In this notebook we want to go take a look into the distributions module of TensorFlow probability. The aim is to understand the fundamentals and then explore further this probabilistic programming framework. Here you can find an overview of TensorFlow Probability. We will concentrate on the first part of Layer 1: Statistical Building Blocks. As you could see from the distributions module documentation, there are many classes of distributions. We will explore a small sample of them in order to get an overall overview. I find the documentation itself a great place to start. In addition, there is a sample of notebooks with concrete examples on the GitHub repository. In particular, I will follow some of cases presented on the A_Tour_of_TensorFlow_Probability notebook, expand on some details and add some other additional examples.

Prepare Notebook

import numpy as np
import tensorflow.compat.v2 as tf
import tensorflow_probability as tfp
tfd = tfp.distributions

# Data Viz. 
import matplotlib.pyplot as plt
import seaborn as sns
    rc={'axes.facecolor': '.9', 'grid.color': '.8'}
sns_c = sns.color_palette(palette='deep')
%matplotlib inline
from pandas.plotting import register_matplotlib_converters

plt.rcParams['figure.figsize'] = [12, 6]
plt.rcParams['figure.dpi'] = 100
# Get TensorFlow version.
print(f'TnesorFlow version: {tf.__version__}')
print(f'TnesorFlow Probability version: {tfp.__version__}')
TnesorFlow version: 2.2.0
TnesorFlow Probability version: 0.10.0


Let us consider a couple of well-know distributions to begin:

normal = tfd.Normal(loc=0.0, scale=1.0)
gamma = tfd.Gamma(concentration=5.0, rate=1.0)
poisson = tfd.Poisson(rate=2.0)
laplace = tfd.Laplace(loc=0.0, scale=1.0)

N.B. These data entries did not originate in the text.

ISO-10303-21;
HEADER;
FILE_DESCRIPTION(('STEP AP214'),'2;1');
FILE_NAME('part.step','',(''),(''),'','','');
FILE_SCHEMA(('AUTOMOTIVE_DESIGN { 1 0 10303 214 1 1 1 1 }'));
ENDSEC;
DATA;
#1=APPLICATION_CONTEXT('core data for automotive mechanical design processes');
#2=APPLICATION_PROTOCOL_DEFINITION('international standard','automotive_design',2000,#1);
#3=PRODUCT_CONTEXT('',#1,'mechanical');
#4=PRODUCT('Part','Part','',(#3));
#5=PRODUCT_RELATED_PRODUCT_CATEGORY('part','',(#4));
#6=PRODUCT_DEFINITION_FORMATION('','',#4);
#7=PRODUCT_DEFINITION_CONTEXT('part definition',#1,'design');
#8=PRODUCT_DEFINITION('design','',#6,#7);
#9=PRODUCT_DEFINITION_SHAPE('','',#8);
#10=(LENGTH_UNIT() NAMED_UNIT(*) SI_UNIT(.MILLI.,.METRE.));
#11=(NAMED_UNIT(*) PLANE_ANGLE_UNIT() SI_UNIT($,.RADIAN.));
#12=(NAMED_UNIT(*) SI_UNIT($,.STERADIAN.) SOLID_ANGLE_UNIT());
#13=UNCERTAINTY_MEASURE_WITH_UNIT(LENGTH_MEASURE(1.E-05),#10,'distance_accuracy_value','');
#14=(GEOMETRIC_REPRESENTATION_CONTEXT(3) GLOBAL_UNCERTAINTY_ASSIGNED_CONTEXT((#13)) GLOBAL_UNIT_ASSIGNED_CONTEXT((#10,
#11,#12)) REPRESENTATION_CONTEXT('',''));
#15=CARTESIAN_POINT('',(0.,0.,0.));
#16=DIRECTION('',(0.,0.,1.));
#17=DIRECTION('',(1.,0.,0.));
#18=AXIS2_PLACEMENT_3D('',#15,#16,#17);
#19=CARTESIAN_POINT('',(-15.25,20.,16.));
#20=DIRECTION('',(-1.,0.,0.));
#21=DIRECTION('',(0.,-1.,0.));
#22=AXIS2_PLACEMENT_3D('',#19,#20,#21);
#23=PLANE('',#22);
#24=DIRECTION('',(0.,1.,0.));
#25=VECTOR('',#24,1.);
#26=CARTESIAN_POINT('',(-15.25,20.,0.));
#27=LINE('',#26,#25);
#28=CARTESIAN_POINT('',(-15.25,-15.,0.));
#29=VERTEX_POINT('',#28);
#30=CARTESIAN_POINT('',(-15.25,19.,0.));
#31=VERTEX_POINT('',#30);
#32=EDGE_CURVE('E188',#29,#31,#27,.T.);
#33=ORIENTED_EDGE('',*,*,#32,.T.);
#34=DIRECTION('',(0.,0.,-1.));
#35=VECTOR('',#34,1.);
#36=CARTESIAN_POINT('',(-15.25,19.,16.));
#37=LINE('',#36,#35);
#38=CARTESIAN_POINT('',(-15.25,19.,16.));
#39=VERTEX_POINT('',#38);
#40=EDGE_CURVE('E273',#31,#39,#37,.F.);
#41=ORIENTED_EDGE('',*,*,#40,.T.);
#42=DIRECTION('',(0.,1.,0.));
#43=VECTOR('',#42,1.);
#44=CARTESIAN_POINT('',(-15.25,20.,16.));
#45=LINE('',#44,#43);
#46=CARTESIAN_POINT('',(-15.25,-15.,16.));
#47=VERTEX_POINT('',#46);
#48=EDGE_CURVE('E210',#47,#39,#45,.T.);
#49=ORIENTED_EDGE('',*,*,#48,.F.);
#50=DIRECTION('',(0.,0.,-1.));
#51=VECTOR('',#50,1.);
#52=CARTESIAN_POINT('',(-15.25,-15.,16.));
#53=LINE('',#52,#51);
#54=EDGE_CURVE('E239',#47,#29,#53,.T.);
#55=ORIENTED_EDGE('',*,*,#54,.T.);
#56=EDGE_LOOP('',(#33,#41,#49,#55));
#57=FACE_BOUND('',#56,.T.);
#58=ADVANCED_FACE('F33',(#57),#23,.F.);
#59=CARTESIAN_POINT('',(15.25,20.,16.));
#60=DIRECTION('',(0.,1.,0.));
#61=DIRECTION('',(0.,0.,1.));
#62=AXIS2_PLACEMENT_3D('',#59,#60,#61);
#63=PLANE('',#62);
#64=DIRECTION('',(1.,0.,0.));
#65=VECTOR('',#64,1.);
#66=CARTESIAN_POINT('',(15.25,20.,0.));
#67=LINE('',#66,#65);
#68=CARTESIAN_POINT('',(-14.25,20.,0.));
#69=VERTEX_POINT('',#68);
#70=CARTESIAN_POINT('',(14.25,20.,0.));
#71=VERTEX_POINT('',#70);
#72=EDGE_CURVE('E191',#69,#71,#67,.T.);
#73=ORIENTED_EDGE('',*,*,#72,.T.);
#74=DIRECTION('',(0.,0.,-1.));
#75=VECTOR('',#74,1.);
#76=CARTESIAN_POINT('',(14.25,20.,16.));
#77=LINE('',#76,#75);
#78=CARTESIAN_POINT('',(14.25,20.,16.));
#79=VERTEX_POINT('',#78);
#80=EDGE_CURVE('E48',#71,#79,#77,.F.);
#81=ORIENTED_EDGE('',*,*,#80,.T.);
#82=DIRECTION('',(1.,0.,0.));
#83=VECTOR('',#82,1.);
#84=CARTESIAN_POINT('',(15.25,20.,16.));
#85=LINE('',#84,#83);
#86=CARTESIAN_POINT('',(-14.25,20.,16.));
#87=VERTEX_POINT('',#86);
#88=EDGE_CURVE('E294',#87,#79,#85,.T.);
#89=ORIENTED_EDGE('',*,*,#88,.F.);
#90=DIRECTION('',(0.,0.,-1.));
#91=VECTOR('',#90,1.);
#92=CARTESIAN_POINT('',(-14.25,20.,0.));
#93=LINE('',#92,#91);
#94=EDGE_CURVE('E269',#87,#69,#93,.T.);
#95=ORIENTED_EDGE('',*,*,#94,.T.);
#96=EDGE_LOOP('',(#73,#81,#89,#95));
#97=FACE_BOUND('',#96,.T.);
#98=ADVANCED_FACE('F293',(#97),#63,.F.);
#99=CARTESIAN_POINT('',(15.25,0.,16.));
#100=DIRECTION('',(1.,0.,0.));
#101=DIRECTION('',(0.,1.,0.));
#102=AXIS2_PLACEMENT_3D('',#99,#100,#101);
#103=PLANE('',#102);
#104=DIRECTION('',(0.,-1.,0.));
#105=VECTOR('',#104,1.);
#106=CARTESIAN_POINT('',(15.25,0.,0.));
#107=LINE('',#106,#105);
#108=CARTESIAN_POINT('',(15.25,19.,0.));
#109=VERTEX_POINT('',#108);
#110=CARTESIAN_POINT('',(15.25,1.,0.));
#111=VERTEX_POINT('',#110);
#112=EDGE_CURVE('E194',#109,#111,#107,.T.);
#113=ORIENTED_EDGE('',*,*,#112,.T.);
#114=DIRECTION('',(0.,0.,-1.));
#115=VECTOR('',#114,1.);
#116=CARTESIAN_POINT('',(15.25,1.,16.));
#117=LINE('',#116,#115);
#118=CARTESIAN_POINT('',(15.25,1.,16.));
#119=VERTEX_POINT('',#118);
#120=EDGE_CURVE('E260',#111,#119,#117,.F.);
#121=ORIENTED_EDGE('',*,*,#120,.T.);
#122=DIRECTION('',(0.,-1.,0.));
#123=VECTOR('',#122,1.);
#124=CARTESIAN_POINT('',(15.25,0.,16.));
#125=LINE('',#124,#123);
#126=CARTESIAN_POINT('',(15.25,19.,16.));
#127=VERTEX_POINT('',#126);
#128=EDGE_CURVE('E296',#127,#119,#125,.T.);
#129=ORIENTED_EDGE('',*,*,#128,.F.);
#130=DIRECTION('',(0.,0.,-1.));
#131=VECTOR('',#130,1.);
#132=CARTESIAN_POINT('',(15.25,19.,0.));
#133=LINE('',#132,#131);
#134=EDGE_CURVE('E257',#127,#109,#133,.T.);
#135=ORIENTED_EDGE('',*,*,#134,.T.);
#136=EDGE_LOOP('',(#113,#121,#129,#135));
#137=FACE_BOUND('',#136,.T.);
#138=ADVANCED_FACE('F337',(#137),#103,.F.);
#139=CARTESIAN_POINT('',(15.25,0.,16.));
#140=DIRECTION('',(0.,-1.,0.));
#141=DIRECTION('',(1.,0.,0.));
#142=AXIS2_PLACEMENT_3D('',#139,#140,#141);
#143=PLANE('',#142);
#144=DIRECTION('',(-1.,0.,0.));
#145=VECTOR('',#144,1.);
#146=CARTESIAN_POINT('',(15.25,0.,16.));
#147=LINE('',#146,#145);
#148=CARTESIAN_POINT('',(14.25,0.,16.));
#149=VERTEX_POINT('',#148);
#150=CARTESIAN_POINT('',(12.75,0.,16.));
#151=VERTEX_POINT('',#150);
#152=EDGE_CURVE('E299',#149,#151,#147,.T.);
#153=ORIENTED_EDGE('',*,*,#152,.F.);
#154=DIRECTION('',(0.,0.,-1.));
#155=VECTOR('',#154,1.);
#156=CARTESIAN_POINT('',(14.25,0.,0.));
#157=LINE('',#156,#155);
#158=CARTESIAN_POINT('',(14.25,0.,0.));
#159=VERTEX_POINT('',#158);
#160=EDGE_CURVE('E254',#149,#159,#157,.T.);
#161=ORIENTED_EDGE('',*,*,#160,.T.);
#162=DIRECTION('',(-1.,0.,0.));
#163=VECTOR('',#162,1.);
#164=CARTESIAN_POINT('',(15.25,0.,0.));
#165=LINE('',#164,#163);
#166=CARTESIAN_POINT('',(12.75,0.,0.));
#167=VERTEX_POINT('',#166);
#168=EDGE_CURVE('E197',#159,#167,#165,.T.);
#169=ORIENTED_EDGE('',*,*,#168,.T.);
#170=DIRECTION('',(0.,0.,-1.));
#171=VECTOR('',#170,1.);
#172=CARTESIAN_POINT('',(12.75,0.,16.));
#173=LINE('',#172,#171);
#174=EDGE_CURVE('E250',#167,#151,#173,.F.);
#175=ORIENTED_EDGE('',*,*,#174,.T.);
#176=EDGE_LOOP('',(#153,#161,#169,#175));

Let us sample from each of them and visualize their distributions.

n_samples = 800

fig, axes = plt.subplots(2, 2, figsize=(10, 10))

axes = axes.flatten()

sns.distplot(a=normal.sample(n_samples), color=sns_c[0], rug=True, ax=axes[0])
axes[0].set(title=f'Normal Distribution')

sns.distplot(a=gamma.sample(n_samples), color=sns_c[1], rug=True, ax=axes[1])
axes[1].set(title=f'Gamma Distribution');

sns.distplot(a=poisson.sample(n_samples), color=sns_c[2], kde=False, rug=True, ax=axes[2])
axes[2].set(title='Poisson Distribution');

sns.distplot(a=laplace.sample(n_samples), color=sns_c[3], rug=True, ax=axes[3])
axes[3].set(title='Laplace Distribution')

plt.suptitle(f'Distribution Samples ({n_samples})', y=0.95);

We treat distributions as tensors, which can have many dimensions. In particular,

  • Batch shape denotes a collection of Distributions with distinct parameters.

  • Event shape denotes the shape of samples from the Distribution.

As a convention, batch shapes are on the “left” and event shapes on the “right”1.

We can take samples based on a tensor of sizes:

normal_samples = normal.sample([n_samples, n_samples])

fig, axes = plt.subplots(1, 2, figsize=(10, 5))

axes = axes.flatten()

for i in range(2):
    sns.distplot(a=normal_samples[i], color=sns_c[0], rug=True, ax=axes[i])
    axes[i].set(title=f'Normal Distribution (Iter {i})')
plt.suptitle(f'Distribution Samples ({n_samples})', y=0.97);

We can compute common stats of the distribution samples:

x = tf.linspace(start=-5.0, stop=5.0, num=100)

fig, ax1 = plt.subplots()
ax2 = ax1.twinx() 
sns.lineplot(x=x, y=normal.cdf(x), color=sns_c[3], label='cdf', ax=ax1)
sns.distplot(a=normal.sample(n_samples), color=sns_c[0], label='samples', rug=True, ax=ax2)
ax1.axvline(x=0.0, color=sns_c[2], linestyle='--', label=r'$\mu=0$')

q_list = [0.05, 0.95]
quantiles = normal.quantile(q_list).numpy()
for i, q in zip(q_list , quantiles):
    ax1.axvline(x=q, color=sns_c[1], linestyle='--', label=f'quantile {i}')

ax1.tick_params(axis='y', labelcolor=sns_c[0])
ax2.tick_params(axis='y', labelcolor=sns_c[3])
ax1.legend(loc='upper left')
ax2.legend(loc='center left')
ax1.set(title='Normal Distribution');

Next, let us consider a sequence of normal distributions with fixed standard deviation and increasing mean.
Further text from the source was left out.